Thanks for the info. It is an FSI motor, probably late '07-early '08 production.
The replacement is being ordered through VW and will be here Friday.:thumbup:


----------



## ultraperio (Mar 6, 2013)

jhines_06gli said:


> I have re-rings dozens of these engines for oil consumption and all we do is slap rings and reassemble.


Are the rings the reason for the high oil consumption on these engines? If so has this issue been corrected and will the new motor I get no longer have the oil consumption problem?


----------



## jhines_06gli (Feb 3, 2006)

ultraperio said:


> Are the rings the reason for the high oil consumption on these engines? If so has this issue been corrected and will the new motor I get no longer have the oil consumption problem?
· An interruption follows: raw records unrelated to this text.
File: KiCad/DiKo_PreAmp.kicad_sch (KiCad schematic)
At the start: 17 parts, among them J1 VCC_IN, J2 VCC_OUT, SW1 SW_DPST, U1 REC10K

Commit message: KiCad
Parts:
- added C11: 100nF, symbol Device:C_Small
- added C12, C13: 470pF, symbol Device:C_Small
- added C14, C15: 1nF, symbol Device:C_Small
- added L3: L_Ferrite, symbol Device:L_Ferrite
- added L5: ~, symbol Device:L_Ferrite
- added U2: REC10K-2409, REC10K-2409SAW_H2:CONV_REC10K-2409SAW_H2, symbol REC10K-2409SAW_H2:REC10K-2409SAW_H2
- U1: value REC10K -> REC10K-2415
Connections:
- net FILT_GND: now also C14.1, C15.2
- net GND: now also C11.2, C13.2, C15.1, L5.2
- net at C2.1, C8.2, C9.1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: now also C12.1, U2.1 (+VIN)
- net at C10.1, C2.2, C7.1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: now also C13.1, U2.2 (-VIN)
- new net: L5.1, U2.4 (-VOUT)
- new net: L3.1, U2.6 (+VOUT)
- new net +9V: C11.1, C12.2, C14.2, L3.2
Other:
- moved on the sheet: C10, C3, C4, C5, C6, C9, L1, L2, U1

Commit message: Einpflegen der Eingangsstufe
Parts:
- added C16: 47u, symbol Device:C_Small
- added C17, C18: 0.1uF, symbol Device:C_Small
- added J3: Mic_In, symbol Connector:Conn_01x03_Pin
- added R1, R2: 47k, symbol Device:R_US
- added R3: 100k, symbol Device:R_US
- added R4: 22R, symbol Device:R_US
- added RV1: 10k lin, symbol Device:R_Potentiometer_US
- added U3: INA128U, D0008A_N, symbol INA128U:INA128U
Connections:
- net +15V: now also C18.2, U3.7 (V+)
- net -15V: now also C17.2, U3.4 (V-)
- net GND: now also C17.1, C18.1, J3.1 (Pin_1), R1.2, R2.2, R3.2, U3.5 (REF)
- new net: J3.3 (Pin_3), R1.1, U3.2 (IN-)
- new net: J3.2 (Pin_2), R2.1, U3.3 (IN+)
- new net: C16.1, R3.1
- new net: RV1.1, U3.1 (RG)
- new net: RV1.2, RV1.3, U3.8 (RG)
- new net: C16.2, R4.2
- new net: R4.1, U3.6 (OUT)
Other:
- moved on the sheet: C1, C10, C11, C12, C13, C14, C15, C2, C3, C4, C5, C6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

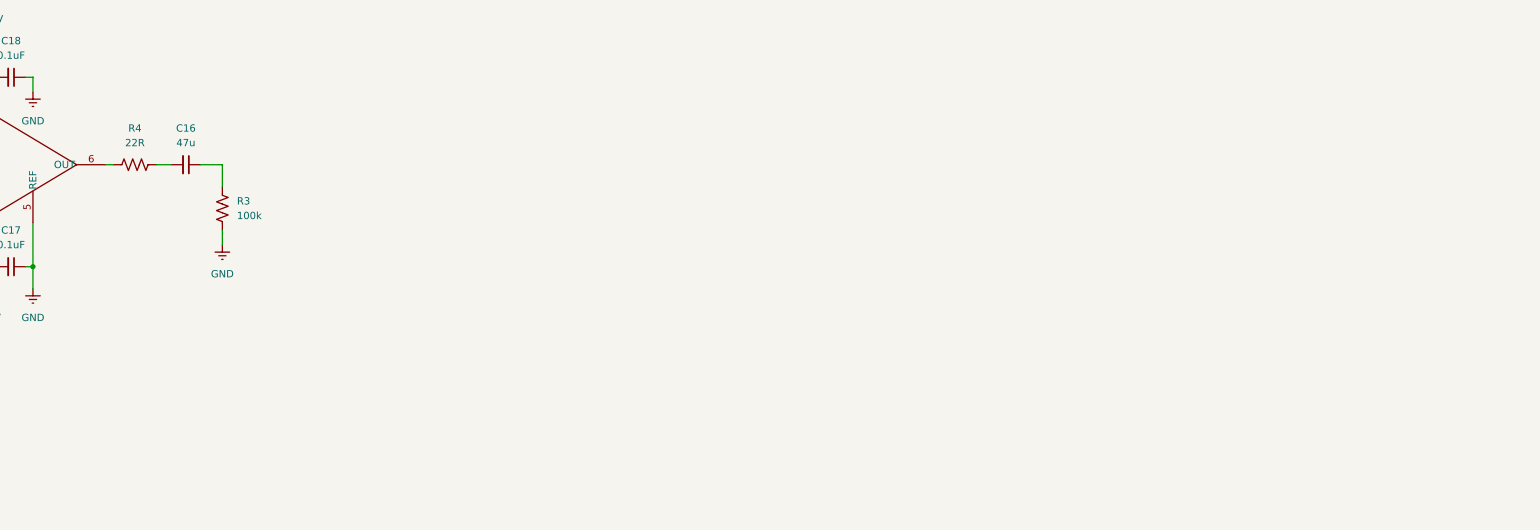
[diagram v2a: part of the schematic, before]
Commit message: Eingangsstufe update
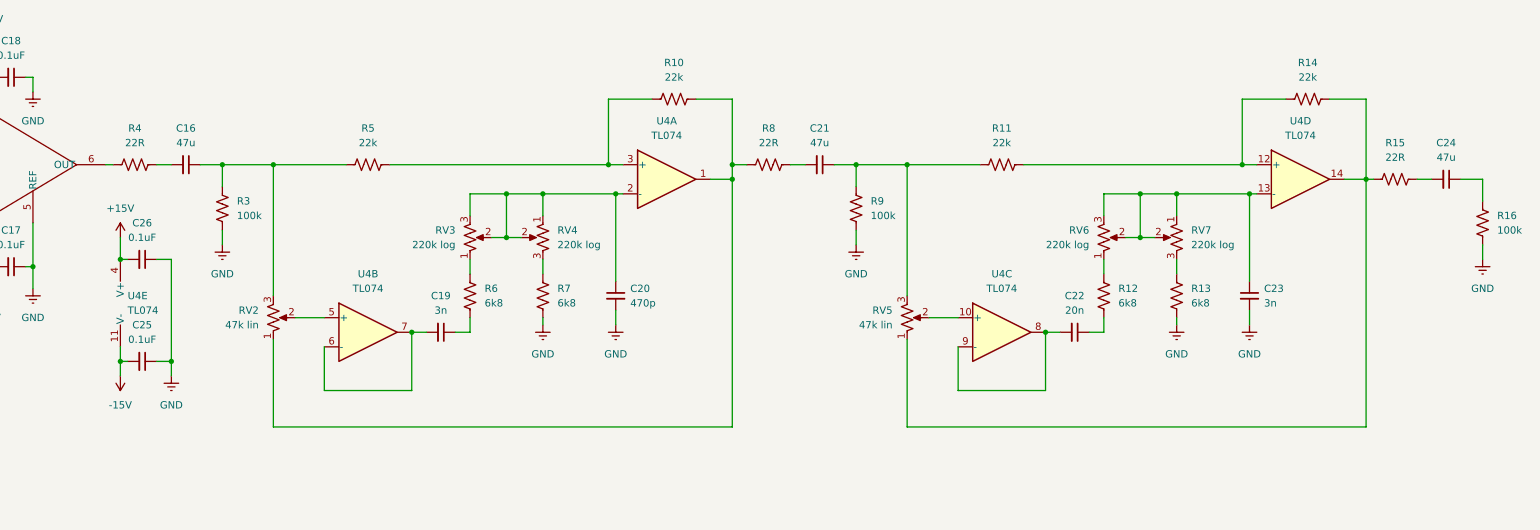
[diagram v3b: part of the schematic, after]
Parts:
- added C19, C23: 3n, symbol Device:C_Small
- added C20: 470p, symbol Device:C_Small
- added C21, C24: 47u, symbol Device:C_Small
- added C22: 20n, symbol Device:C_Small
- added C25, C26: 0.1uF, symbol Device:C_Small
- added R10, R11, R14, R5: 22k, symbol Device:R_US
- added R12, R13, R6, R7: 6k8, symbol Device:R_US
- added R15, R8: 22R, symbol Device:R_US
- added R16, R9: 100k, symbol Device:R_US
- added RV2, RV5: 47k lin, symbol Device:R_Potentiometer_US
- added RV3, RV4, RV6, RV7: 220k log, symbol Device:R_Potentiometer_US
- added U4: TL074, symbol Amplifier_Operational:TL074
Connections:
- net +15V: now also C26.2, U4.4 (V+)
- net -15V: now also C25.2, U4.11 (V-)
- net GND: now also C20.2, C23.2, C25.1, C26.1, R13.2, R16.2, R7.2, R9.2
- net at C16.1, R3.1: now also R5.1, RV2.3
- new net: RV5.2, U4.10 (+)
- new net: C22.2, U4.8, U4.9 (-)
- new net: R6.1, RV3.1
- new net: C20.1, RV3.2, RV3.3, RV4.1, RV4.2, U4.2 (-)
- new net: R10.2, R8.1, RV2.1, U4.1
- new net: RV2.2, U4.5 (+)
- new net: R10.1, R5.2, U4.3 (+)
- new net: C19.2, U4.6 (-), U4.7
- new net: R13.1, RV7.3
- new net: R11.2, R14.1, U4.12 (+)
- new net: C23.1, RV6.2, RV6.3, RV7.1, RV7.2, U4.13 (-)
- new net: R14.2, R15.1, RV5.1, U4.14
- new net: R12.1, RV6.1
- new net: C19.1, R6.2
- new net: C21.1, R11.1, R9.1, RV5.3
- new net: R7.1, RV4.3
- new net: C21.2, R8.2
- new net: C22.1, R12.2
- new net: C24.1, R16.1
- new net: C24.2, R15.2

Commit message: Eingangsstufe Update
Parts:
- added C27, C28, C29, C30, C31, C36, C37, C38, C41, C48, C50, C51, C52, C55, C56, C57: 47u, symbol Device:C_Small
- added C32, C33, C39, C40, C45, C46, C53, C54: 0.1uF, symbol Device:C_Small
- added C34, C35: 330p, symbol Device:C_Small
- added C42: 33u, symbol Device:C_Small
- added C43: 150n, symbol Device:C_Small
- added C44: 470n, symbol Device:C_Small
- added C47, C49: 15p, symbol Device:C_Small
- added J4: R_Line_In, symbol Connector:Conn_01x02_Pin
- added J5: L_Line_In, symbol Connector:Conn_01x02_Pin
- added J6: R_Phono_In, symbol Connector:Conn_01x02_Pin
- added J7: L_Phono_In, symbol Connector:Conn_01x02_Pin
- added J8: Effekt_In, symbol Connector:Conn_01x02_Pin
- added R17: 100R, symbol Device:R_US
- added R18, R21, R22, R24, R27, R33, R34, R38, R42, R47, R49, R51, R54, R61, R64, R71: 100k, symbol Device:R_US
- added R19, R20, R23, R25, R26, R28, R39, R43, R48, R50, R62, R65, R72: 22R, symbol Device:R_US
- added R29, R31: 47k, symbol Device:R_US
- added R30, R32: 0R, symbol Device:R_US
- added R35, R36, R37, R52, R53, R55, R56, R59, R60, R63, R66, R67, R70: 10k, symbol Device:R_US
- added R40, R45: 22k, symbol Device:R_US
- added R41: 1k, symbol Device:R_US
- added R44: 690R, symbol Device:R_US
- added R46: 1k2, symbol Device:R_US
- added R57, R58, R68, R69: 5k, symbol Device:R_US
- added SW2, SW3, SW4: SW_SPDT, symbol Switch:SW_SPDT
- added U5, U6, U7, U8: TL074, symbol Amplifier_Operational:TL074
- R15: value 22R -> 10k
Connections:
- net +15V: now also C32.2, C39.2, C45.2, C53.2, U5.4 (V+), U6.4 (V+), U7.4 (V+), U8.4 (V+)
- net -15V: now also C33.2, C40.2, C46.2, C54.2, U5.11 (V-), U6.11 (V-), U7.11 (V-), U8.11 (V-)
- net GND: now also C32.1, C33.1, C34.2, C35.2, C39.1, C40.1, C42.2, C43.2, C45.1, C46.1, C53.1, C54.1, J4.2 (Pin_2), J5.2 (Pin_2), J6.2 (Pin_2), J7.2 (Pin_2), J8.2 (Pin_2), R18.2, R21.2, R22.2, R24.2, R27.2, R29.2, R31.2, R33.2, R34.2, R38.2, R42.2, R44.2, R46.2, R47.2, R49.2, R51.2, R54.2, R58.1, R61.2, R64.2, R69.1, R71.2, U5.10 (+), U6.10 (+), U7.10 (+), U8.12 (+)
- net at R10.2, RV2.1, U4.1: now also C21.2; no longer R8.1
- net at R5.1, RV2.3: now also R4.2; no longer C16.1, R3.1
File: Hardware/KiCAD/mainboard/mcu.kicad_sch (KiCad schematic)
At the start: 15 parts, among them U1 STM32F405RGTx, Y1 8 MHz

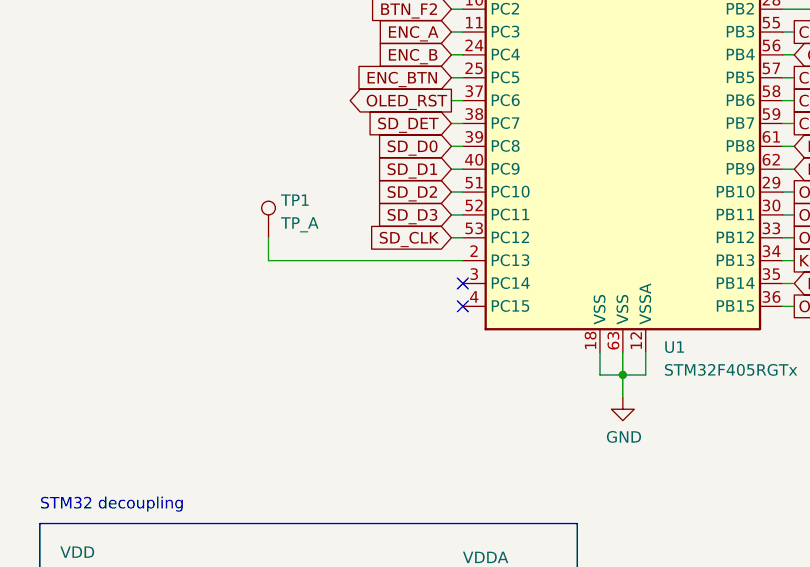
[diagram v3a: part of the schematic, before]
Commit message: Add ANY_KEY signal from keypad.
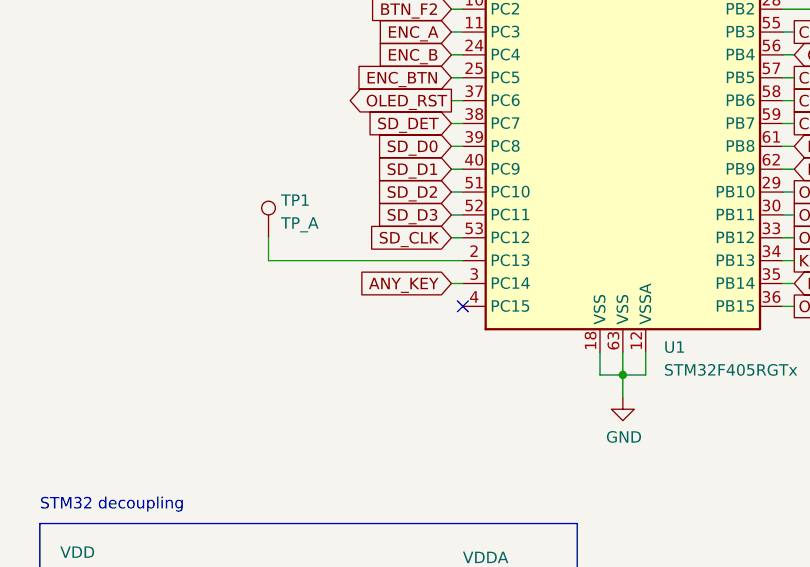
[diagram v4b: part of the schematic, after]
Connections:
- net ANY_KEY: now reaches U1.3 (PC14)
- no-connect marks 4 -> 3
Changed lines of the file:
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@@
   (junction (at 60.96 167.64) (diameter 1.016) (color 0 0 0 0)
   )
-  (no_connect (at 132.08 129.54))
   (no_connect (at 132.08 132.08))
   (no_connect (at 167.64 71.12))
@@
   )
   (wire (pts (xy 130.81 88.9) (xy 132.08 88.9))
+    (stroke (width 0) (type default) (color 0 0 0 0))
+  )
+  (wire (pts (xy 130.81 129.54) (xy 132.08 129.54))
     (stroke (width 0) (type default) (color 0 0 0 0))
   )
@@
       (effects (font (size 1.27 1.27)) (justify right) hide)
     )
+  )
+  (global_label "ANY_KEY" (shape input) (at 130.81 129.54 180) (fields_autoplaced)
+    (effects (font (size 1.27 1.27)) (justify right))
+    (property "Intersheet References" "${INTERSHEET_REFS}" (id 0) (at 120.414 129.4606 0)
+      (effects (font (size 1.27 1.27)) (justify right) hide)
+    )

Direct-injections engines consume oil. It's just a matter of keeping a check on it and keeping it topped off. As for abnormal consumption, yes......the rings are usually what VW has us replace to correct the issue. As for new engines that are installed......the piston rings part number is the same, the manufacturer is the same and the engine is ultimately the same. So you still run the risk of abnormal consumption. But with care and the correct oil, you won't have issues. I have just over 190,000 miles on my 06 GLI and have not had abnormal consumption until lately. The quality of Castrol oil used in the dealer keeps going down and down. And this Winter, I started consuming more than normal, but it's due to oil quality. I keep a running check on my compression and it has been almost the same since early in the engine's life. So true maint. and upkeep will make the FSI last a long time. But I go overboard for the most part.....since the largest of jobs on this engine for most take me a very small fraction of the time since I do this daily.
J. Hines


----------



## ultraperio (Mar 6, 2013)

Another update. 

My VW dealer gave me a 2013 Passat 2.5 (less than 900 miles) with navigation, sun roof, leather interior, etc. for the past two weeks on their dime without even knowing if the warranty company would cover any of it. AFAIK the warranty company was only contractually obligated to pay $40 a day for 4 days and a maximum of 6 days if we had to wait on their inspector. I had the car, which cost $50 something a day, for nearly two full weeks and didn't have to pay a dime towards it. :thumbup: 

I just picked the car up about 30 minutes ago. That's exactly 2 weeks give or take an hour since the motor blew. It drove great. Seemed a little jerky and 'tighter', but that could be just me being used to driving the slushbox passat for a few weeks. 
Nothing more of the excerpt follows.